Aujourd'hui la loi est peu appliquée, et/ou mal comprise, et ce malgré les progrès réalisés depuis 10 ans. Concernant la sédation, il y a aussi eu des progrès, un véritable changement de culture dans le corps médical. La société française de soins palliatifs rappelle d'ailleurs que la sédation profonde et continue jusqu’au décès s'adresse à des patients dont le pronostic vital est engagé à très court terme. Malgré cela, le patient continue à souffrir.

La loi propose d'endormir, pour ne pas souffrir avant de mourir et non pas de dormir pour mourir. C'est très différent. Concernant les directives anticipées, le Dr Leonetti interroge. Comment se fait que seulement 2,5% des français les aient rédigées, c'est une erreur de notre part. Aujourd'hui un formulaire est proposé. Le patient pourra dire ce qu'il souhaite ou ne souhaite pas et le corps médical sera obligé de respecter sa volonté . Mais rien n'est figé. C'est d'ailleurs ce qui marque la liberté de l'individu. jusqu'à la fin, il peut changer d'avis.
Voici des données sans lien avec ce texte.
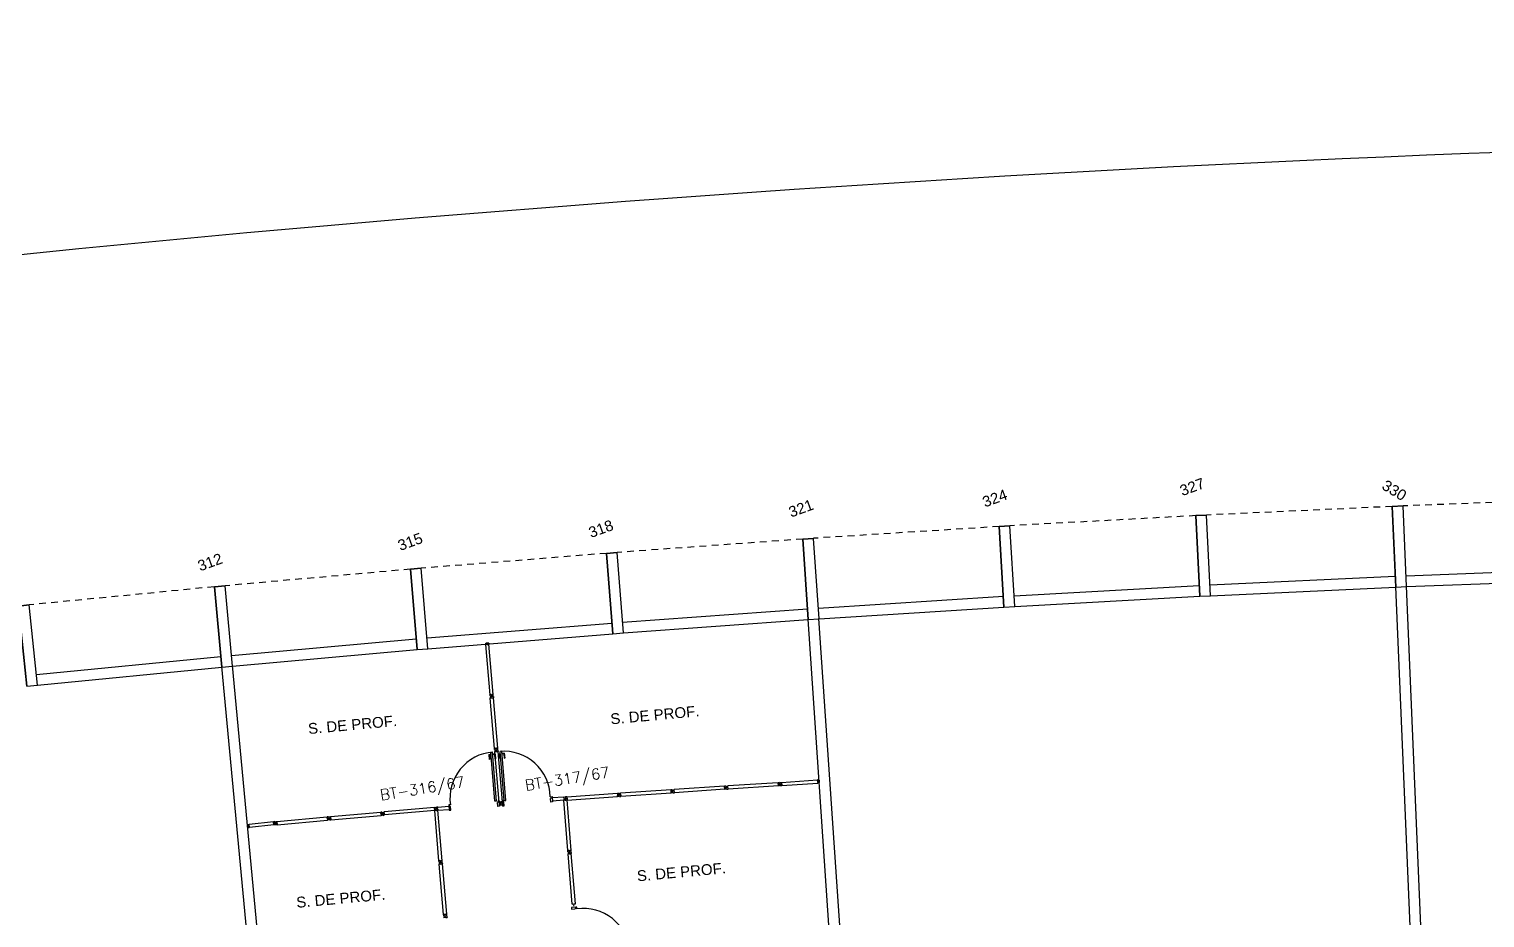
# Model space of a CAD drawing. Header units: millimetres. Extents: x 3089 to 3391, y 1087 to 1201.
# Drawn here: x 3196.83 to 3223.91, y 1184.29 to 1200.82 of the extents above; entities that cross this region are included whole.
import ezdxf

# ---------------------------------------------------------------- set-up
doc = ezdxf.new("R2010")
doc.units = ezdxf.units.MM
doc.linetypes.add('HIDDEN2', pattern=[0.1875, 0.125, -0.0625])
for name, color, linetype in [('ALV', 2, 'Continuous'), ('DIV', 2, 'Continuous'), ('ESTR', 3, 'Continuous'), ('NOPILAR', 2, 'Continuous'), ('PROJ', 1, 'HIDDEN2'), ('TEXTO', 2, 'Continuous'), ('TEXTO-ENDEREÇO', 2, 'Continuous'), ('USO1', 2, 'Continuous')]:
    doc.layers.add(name, color=color, linetype=linetype)
doc.styles.add('1', font='romans.shx', dxfattribs={"height": 1.1})
doc.styles.get("Standard").update_dxf_attribs({"font": 'arial.ttf'})
doc.styles.add('UNB-100-1', font='simplex.shx', dxfattribs={"height": 0.2})
doc.dimstyles.new('1-600', dxfattribs={"dimtxt": 1.1, "dimasz": 2.5, "dimexe": 2, "dimexo": 4, "dimgap": 0.2, "dimtad": 1, "dimdec": 0, "dimzin": 4, "dimdsep": 46, "dimlunit": 6, "dimtxsty": '1', "dimblk1": 'NONE', "dimblk2": 'NONE', "dimsah": 1, "dimcen": 0, "dimclrd": 2, "dimclre": 2, "dimclrt": 2, "dimadec": 0, "dimazin": 0, "dimtfac": 1, "dimtdec": 0, "dimtmove": 2, "dimatfit": 3, "dimldrblk": 'NONE', "dimfxl": 1, "dimtolj": 1, "dimtzin": 0, "dimarcsym": 0})

# ---------------------------------------------------------------- blocks, each defined once
blk = doc.blocks.new('MTT-TTC')
for p, q in [((-0.008, 0.03), (-0.03, 0.03)), ((-0.03, 0.03), (-0.03, 0.006)), ((-0.0185, 0.006), (-0.03, 0.006)), ((-0.0185, -0.006), (-0.0185, 0.006)), ((-0.008, 0.03), (-0.008, 0.02)), ((-0.008, 0.02), (0.008, 0.02)), ((-0.0051, 0), (0.0051, 0)), ((0, -0.0051), (0, 0.0051)), ((0.008, 0.03), (0.03, 0.03)), ((0.008, 0.03), (0.008, 0.02)), ((0.0205, -0.006), (0.0205, 0.006)), ((0.0205, 0.006), (0.03, 0.006)), ((0.03, 0.006), (0.03, 0.03)), ((-0.03, -0.03), (-0.03, -0.006)), ((-0.0185, -0.006), (-0.03, -0.006)), ((-0.008, -0.03), (-0.03, -0.03)), ((-0.008, -0.02), (0.008, -0.02)), ((-0.008, -0.03), (-0.008, -0.02)), ((0.008, -0.03), (0.008, -0.02)), ((0.008, -0.03), (0.03, -0.03)), ((0.0205, -0.006), (0.03, -0.006)), ((0.03, -0.006), (0.03, -0.03))]:
    blk.add_line(p, q)
blk = doc.blocks.new('PDV2D-TTC')
at = {"layer": 'DIV'}
for p, q in [((0.03, 0.05), (0.06, 0.05)), ((0.03, 0.035), (0.03, 0.05)), ((0.03, -0.035), (0.03, 0.035)), ((0.06, 0.05), (0.06, -0.02)), ((0.941, 0.05), (0.941, -0.02)), ((0.971, 0.05), (0.941, 0.05)), ((0.971, 0.035), (0.971, 0.05)), ((0.971, -0.035), (0.971, 0.035)), ((0.03, -0.05), (0.03, -0.035)), ((0.05, -0.05), (0.03, -0.05)), ((0.05, -0.02), (0.06, -0.02)), ((0.05, -0.02), (0.05, -0.05)), ((0.079, -0.05), (0.109, -0.05)), ((0.079, -0.05), (0.079, -0.965)), ((0.109, -0.05), (0.109, -0.965)), ((0.951, -0.02), (0.941, -0.02)), ((0.951, -0.02), (0.951, -0.05)), ((0.951, -0.05), (0.971, -0.05)), ((0.971, -0.05), (0.971, -0.035)), ((0.109, -0.965), (0.079, -0.965))]:
    blk.add_line(p, q, dxfattribs=at)
at = {"layer": 'DIV', "color": 1}
for p, q in [((0.036, -0.925), (0.036, -0.835)), ((0.046, -0.835), (0.036, -0.835)), ((0.036, -0.925), (0.076, -0.925)), ((0.046, -0.915), (0.046, -0.835)), ((0.046, -0.915), (0.076, -0.915)), ((0.141, -0.915), (0.111, -0.915)), ((0.151, -0.925), (0.111, -0.925)), ((0.141, -0.915), (0.141, -0.835)), ((0.141, -0.835), (0.151, -0.835)), ((0.151, -0.925), (0.151, -0.835))]:
    blk.add_line(p, q, dxfattribs=at)
blk.add_arc((0.076, -0.1), 0.865, 270, 3.3214, dxfattribs=at)
blk = doc.blocks.new('DIVMT-TTC')
for p, q in [((-0.03, 0.03), (-0.03, 0.006)), ((-0.008, 0.03), (-0.03, 0.03)), ((-0.0185, 0.006), (-0.03, 0.006)), ((-0.0185, -0.006), (-0.0185, 0.006)), ((-0.008, 0.03), (-0.008, 0.02)), ((-0.008, 0.02), (0.008, 0.02)), ((-0.0051, 0), (0.0051, 0)), ((0.0051, 0), (-0.0051, 0)), ((-0.0051, 0), (0.0051, 0)), ((0, -0.0051), (0, 0.0051)), ((0, 0.0051), (0, -0.0051)), ((0.008, 0.03), (0.008, 0.02)), ((0.008, 0.03), (0.03, 0.03)), ((0.0205, 0.006), (0.03, 0.006)), ((0.0205, -0.006), (0.0205, 0.006)), ((0.0205, 0.006), (0.0205, -0.006)), ((0.0205, 0.006), (0.03, 0.006)), ((0.97, 0.03), (0.03, 0.03)), ((0.03, 0.006), (0.03, 0.03)), ((0.03, -0.03), (0.03, 0.03)), ((0.03, -0.005), (0.03, 0.005)), ((0.97, -0.03), (0.97, 0.03)), ((0.97, 0.03), (0.97, 0.009)), ((0.97, 0.009), (0.97, 0.027)), ((0.9795, 0.006), (0.97, 0.006)), ((0.97, -0.005), (0.97, 0.005)), ((0.9795, 0.006), (0.9795, -0.006)), ((1.0051, 0), (0.9949, 0)), ((1, 0.0051), (1, -0.0051)), ((-0.0185, -0.006), (-0.03, -0.006)), ((-0.03, -0.03), (-0.03, -0.006)), ((-0.008, -0.03), (-0.03, -0.03)), ((-0.008, -0.03), (-0.008, -0.02)), ((-0.008, -0.02), (0.008, -0.02)), ((0.008, -0.03), (0.008, -0.02)), ((0.008, -0.03), (0.03, -0.03)), ((0.0205, -0.006), (0.03, -0.006)), ((0.0205, -0.006), (0.03, -0.006)), ((0.03, -0.006), (0.03, -0.03)), ((0.97, -0.03), (0.03, -0.03)), ((0.9795, -0.006), (0.97, -0.006)), ((0.97, -0.009), (0.97, -0.027))]:
    blk.add_line(p, q)
blk = doc.blocks.new('MTINI-TTC')
for p, q in [((-0.03, 0.008), (-0.03, 0.03)), ((0.03, 0.03), (-0.03, 0.03)), ((-0.03, 0.008), (-0.02, 0.008)), ((-0.009, 0.03), (-0.027, 0.03)), ((-0.02, 0.008), (-0.02, 0)), ((-0.001, 0), (-0.02, 0)), ((-0.006, 0.02), (-0.006, 0.03)), ((-0.006, 0.023), (-0.006, 0.027)), ((-0.006, 0.02), (0.006, 0.02)), ((0.005, 0.03), (-0.005, 0.03)), ((0.005, 0), (-0.005, 0)), ((0.004, 0.02), (-0.004, 0.02)), ((0.02, 0), (-0.001, 0)), ((0, -0.005), (0, 0.005)), ((0.006, 0.02), (0.006, 0.03)), ((0.006, 0.023), (0.006, 0.027)), ((0.009, 0.03), (0.027, 0.03)), ((0.03, 0.008), (0.02, 0.008)), ((0.02, 0), (0.02, 0.008)), ((0.03, 0.008), (0.03, 0.03))]:
    blk.add_line(p, q)
blk = doc.blocks.new('DIV-TTC')
for p, q in [((-0.0051, 0), (0.0051, 0)), ((0, -0.0051), (0, 0.0051)), ((0.0205, 0.006), (0.03, 0.006)), ((0.0205, -0.006), (0.0205, 0.006)), ((0.03, 0.03), (0.97, 0.03)), ((0.03, 0.03), (0.03, -0.03)), ((0.03, 0.009), (0.03, 0.027)), ((0.03, 0.005), (0.03, -0.005)), ((0.97, 0.03), (0.97, -0.03)), ((0.9795, 0.006), (0.97, 0.006)), ((0.97, 0.005), (0.97, -0.005)), ((0.9795, -0.006), (0.9795, 0.006)), ((1.0051, 0), (0.9949, 0)), ((0.9949, 0), (1.0051, 0)), ((1, -0.0051), (1, 0.0051)), ((0.0205, -0.006), (0.03, -0.006)), ((0.03, -0.03), (0.03, -0.009)), ((0.03, -0.009), (0.03, -0.027)), ((0.03, -0.03), (0.97, -0.03)), ((0.9795, -0.006), (0.97, -0.006))]:
    blk.add_line(p, q)
blk = doc.blocks.new('PDV2E-TTC')
at = {"layer": 'DIV', "color": 1}
for p, q in [((0.023, 0.925), (0.063, 0.925)), ((0.023, 0.925), (0.023, 0.835)), ((0.033, 0.835), (0.023, 0.835)), ((0.033, 0.915), (0.063, 0.915)), ((0.033, 0.915), (0.033, 0.835)), ((0.138, 0.925), (0.097, 0.925)), ((0.128, 0.915), (0.097, 0.915)), ((0.128, 0.915), (0.128, 0.835)), ((0.128, 0.835), (0.137, 0.835)), ((0.138, 0.925), (0.138, 0.835))]:
    blk.add_line(p, q, dxfattribs=at)
at = {"layer": 'DIV'}
for p, q in [((0.065, 0.05), (0.065, 0.965)), ((0.095, 0.965), (0.065, 0.965)), ((0.095, 0.05), (0.095, 0.965)), ((0.049, 0.05), (0.029, 0.05)), ((0.029, 0.05), (0.029, 0.035)), ((0.029, 0.035), (0.029, -0.035)), ((0.049, 0.02), (0.049, 0.05)), ((0.049, 0.02), (0.059, 0.02)), ((0.059, -0.05), (0.059, 0.02)), ((0.065, 0.05), (0.095, 0.05)), ((0.928, -0.05), (0.928, 0.02)), ((0.938, 0.02), (0.928, 0.02)), ((0.938, 0.05), (0.958, 0.05)), ((0.938, 0.02), (0.938, 0.05)), ((0.958, 0.05), (0.958, 0.035)), ((0.958, 0.035), (0.958, -0.035)), ((0.029, -0.035), (0.029, -0.05)), ((0.029, -0.05), (0.059, -0.05)), ((0.958, -0.05), (0.928, -0.05)), ((0.958, -0.035), (0.958, -0.05))]:
    blk.add_line(p, q, dxfattribs=at)
at = {"layer": 'DIV', "color": 1}
blk.add_arc((0.062, 0.1), 0.865, 356.6786, 90, dxfattribs=at)
blk = doc.blocks.new('DIVINI-TTC')
for p, q in [((-0.005, 0), (0.005, 0)), ((0.008, 0.02), (0, 0.02)), ((0, 0.001), (0, 0.02)), ((0, -0.005), (0, 0.005)), ((0, -0.02), (0, 0.001)), ((0.008, 0.03), (0.03, 0.03)), ((0.008, 0.03), (0.008, 0.02)), ((0.02, 0.006), (0.03, 0.006)), ((0.02, 0.006), (0.02, -0.006)), ((0.02, -0.004), (0.02, 0.004)), ((0.023, 0.006), (0.027, 0.006)), ((0.97, 0.03), (0.03, 0.03)), ((0.03, -0.03), (0.03, 0.03)), ((0.03, 0.009), (0.03, 0.027)), ((0.03, -0.005), (0.03, 0.005)), ((0.97, 0.03), (0.97, 0.009)), ((0.97, -0.03), (0.97, 0.03)), ((0.97, 0.009), (0.97, 0.027)), ((0.98, 0.006), (0.97, 0.006)), ((0.97, -0.005), (0.97, 0.005)), ((0.98, 0.006), (0.98, -0.006)), ((0.99, 0), (1.008, 0)), ((0.999, 0.006), (0.999, -0.006)), ((0, -0.02), (0.008, -0.02)), ((0.008, -0.03), (0.008, -0.02)), ((0.008, -0.03), (0.03, -0.03)), ((0.02, -0.006), (0.03, -0.006)), ((0.023, -0.006), (0.027, -0.006)), ((0.03, -0.009), (0.03, -0.027)), ((0.97, -0.03), (0.03, -0.03)), ((0.98, -0.006), (0.97, -0.006)), ((0.97, -0.009), (0.97, -0.027))]:
    blk.add_line(p, q)
blk = doc.blocks.new('*D155')
at = {"layer": 'DEFPOINTS', "color": 0, "transparency": 16777216}
for p in [(3203.502, 1197.258), (3237.025, 1192.318), (3237.037, 1190.818), (3138.947, 1180.172), (3139.301, 1178.715)]:
    blk.add_point(p, dxfattribs=at)
at = {"layer": 'USO1', "color": 2, "lineweight": -2, "transparency": 16777216}
for p, q in [((3236.991, 1196.318), (3236.954, 1200.819)), ((3138.004, 1184.059), (3136.942, 1188.434))]:
    blk.add_line(p, q, dxfattribs=at)
blk.add_arc((3240.589, 761.466), 437.367, 90.47397, 103.6447, dxfattribs=at)
at = {"layer": 'USO1', "color": 2, "transparency": 16777216, "insert": (3186.745, 1196.262), "char_height": 1.1, "attachment_point": 5, "rotation": 7.0593, "style": '1'}
blk.add_mtext('\\A1;Física', dxfattribs=at)
blk = doc.blocks.new('_NONE')
at = {"color": 0, "linetype": 'ByBlock'}
blk.add_circle((0, 0), 0.25, dxfattribs=at)

msp = doc.modelspace()

# ---------------------------------------------------------------- linework, layer by layer
at = {"layer": 'ALV'}
for p, q in [((3222.448, 1190.652), (3225.894, 1190.783)), ((3215.158, 1190.283), (3218.601, 1190.473)), ((3218.802, 1190.483), (3222.247, 1190.643)), ((3222.456, 1190.452), (3225.902, 1190.583)), ((3222.947, 1178.795), (3222.456, 1190.457)), ((3211.516, 1190.052), (3214.957, 1190.271)), ((3215.169, 1190.083), (3218.612, 1190.273)), ((3218.812, 1190.283), (3222.256, 1190.444)), ((3222.753, 1178.783), (3222.256, 1190.449)), ((3207.875, 1189.789), (3211.314, 1190.038)), ((3211.528, 1189.852), (3214.969, 1190.071)), ((3204.237, 1189.496), (3207.674, 1189.774)), ((3207.89, 1189.59), (3211.329, 1189.838)), ((3212.367, 1174.513), (3211.328, 1189.846)), ((3212.549, 1174.776), (3211.527, 1189.86)), ((3200.602, 1189.172), (3204.036, 1189.479)), ((3204.253, 1189.297), (3207.69, 1189.575)), ((3196.969, 1188.817), (3200.401, 1189.153)), ((3200.619, 1188.973), (3204.054, 1189.28)), ((3196.989, 1188.618), (3200.42, 1188.954)), ((3201.803, 1174.23), (3200.419, 1188.965)), ((3201.995, 1174.248), (3200.618, 1188.984))]:
    msp.add_line(p, q, dxfattribs=at)
at = {"layer": 'DIV'}
for p, q in [((3210.792, 1186.807), (3210.77, 1186.805)), ((3210.77, 1186.805), (3210.772, 1186.781)), ((3210.783, 1186.782), (3210.772, 1186.781)), ((3210.784, 1186.77), (3210.773, 1186.769)), ((3210.774, 1186.745), (3210.773, 1186.769)), ((3210.796, 1186.747), (3210.774, 1186.745)), ((3210.784, 1186.77), (3210.783, 1186.782)), ((3210.792, 1186.807), (3210.792, 1186.797)), ((3210.792, 1186.797), (3210.808, 1186.798)), ((3210.796, 1186.757), (3210.812, 1186.758)), ((3210.796, 1186.747), (3210.796, 1186.757)), ((3210.797, 1186.777), (3210.807, 1186.778)), ((3210.797, 1186.777), (3210.807, 1186.778)), ((3210.802, 1186.773), (3210.802, 1186.783)), ((3210.802, 1186.773), (3210.802, 1186.783)), ((3210.808, 1186.808), (3210.83, 1186.81)), ((3210.808, 1186.808), (3210.808, 1186.798)), ((3210.812, 1186.748), (3210.812, 1186.758)), ((3210.812, 1186.748), (3210.834, 1186.75)), ((3210.822, 1186.785), (3210.831, 1186.786)), ((3210.822, 1186.785), (3210.831, 1186.786)), ((3210.823, 1186.773), (3210.822, 1186.785)), ((3210.823, 1186.773), (3210.822, 1186.785)), ((3210.823, 1186.773), (3210.832, 1186.774)), ((3210.823, 1186.773), (3210.832, 1186.774)), ((3210.83, 1186.81), (3211.5, 1186.859)), ((3210.831, 1186.786), (3210.83, 1186.81)), ((3210.83, 1186.81), (3210.834, 1186.75)), ((3210.831, 1186.789), (3210.83, 1186.807)), ((3210.832, 1186.785), (3210.832, 1186.775)), ((3210.832, 1186.774), (3210.834, 1186.75)), ((3210.833, 1186.771), (3210.834, 1186.753)), ((3210.834, 1186.75), (3210.833, 1186.771)), ((3210.834, 1186.75), (3211.505, 1186.799)), ((3211.5, 1186.859), (3211.505, 1186.799)), ((3211.511, 1186.835), (3211.502, 1186.835)), ((3211.502, 1186.834), (3211.503, 1186.824)), ((3211.512, 1186.823), (3211.503, 1186.823)), ((3211.512, 1186.823), (3211.511, 1186.835)), ((3211.537, 1186.831), (3211.527, 1186.831)), ((3211.527, 1186.831), (3211.537, 1186.831)), ((3211.533, 1186.826), (3211.532, 1186.836)), ((3206.779, 1186.538), (3206.563, 1186.521)), ((3206.783, 1186.478), (3206.568, 1186.461)), ((3204.435, 1186.351), (3204.64, 1186.368)), ((3204.44, 1186.292), (3204.645, 1186.309)), ((3200.893, 1185.996), (3200.903, 1185.997)), ((3200.903, 1185.997), (3200.893, 1185.996)), ((3200.898, 1186.002), (3200.899, 1185.992)), ((3200.918, 1186.005), (3200.928, 1186.006)), ((3200.918, 1186.005), (3200.919, 1185.993)), ((3200.919, 1185.993), (3200.929, 1185.994)), ((3201.383, 1186.079), (3200.925, 1186.029)), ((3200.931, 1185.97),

Le médecin est dans l'obligation de consulter un confrère s'il estime ne pas devoir respecter les directives anticipées.

Il faut bien comprendre qu'on ne peut pas tout attendre de la loi. La vie n'est pas tout dans le droit; est le droit n'est pas tout dans la loi. Par ailleurs, une modification législative, qui ne s'accompagnerait pas d'une formation du corps médical et de moyen pour développer la culture palliative, serait sans intérêt. et ne permettrait pas à la loi d'être appliquée de manière juste.

il faut que la culture palliative se développe et que l'on sorte du débat qui repose sur la légalisation ou non de l'euthanasie. Car ce débat a l'inconvénient de masquer tous les autres problèmes".

Le Pr Régis Aubry a ensuite pris la parole pour revenir sur divers points. "D'abord il existe aujourd'hui une forme de méfiance vis à vis du médecin. Les patients s'informent sur Internet et se qualifient pour échanger avec le médecin. Le rapport a changé. Le médecin est aussi taxé d'indélicatesse, d'incapacité à communiquer à échanger avec les familles ou les malades. Mais les médecins ne sont pas formés à cet aspect du travail. C'est une question d'humain.

Il semble aussi que la crise économique actuelle ne permette pas à la loi d'avoir les moyens de ses ambitions. Il faut créer des lieux qui fassent sens et un vrai programme de développement de soin palliatifs. La question du déséquilibre territorial est préoccupante et il faut trouver des alternatives car d'un ephad à l'autre , les différences de réponses sont énormes.

Pour tout cela, il faut développer la formation et la recherche, travailler ensemble, et instaurer une véritable éthique de la discussion. Vaste programme mais l'enjeu en vaut la chandelle".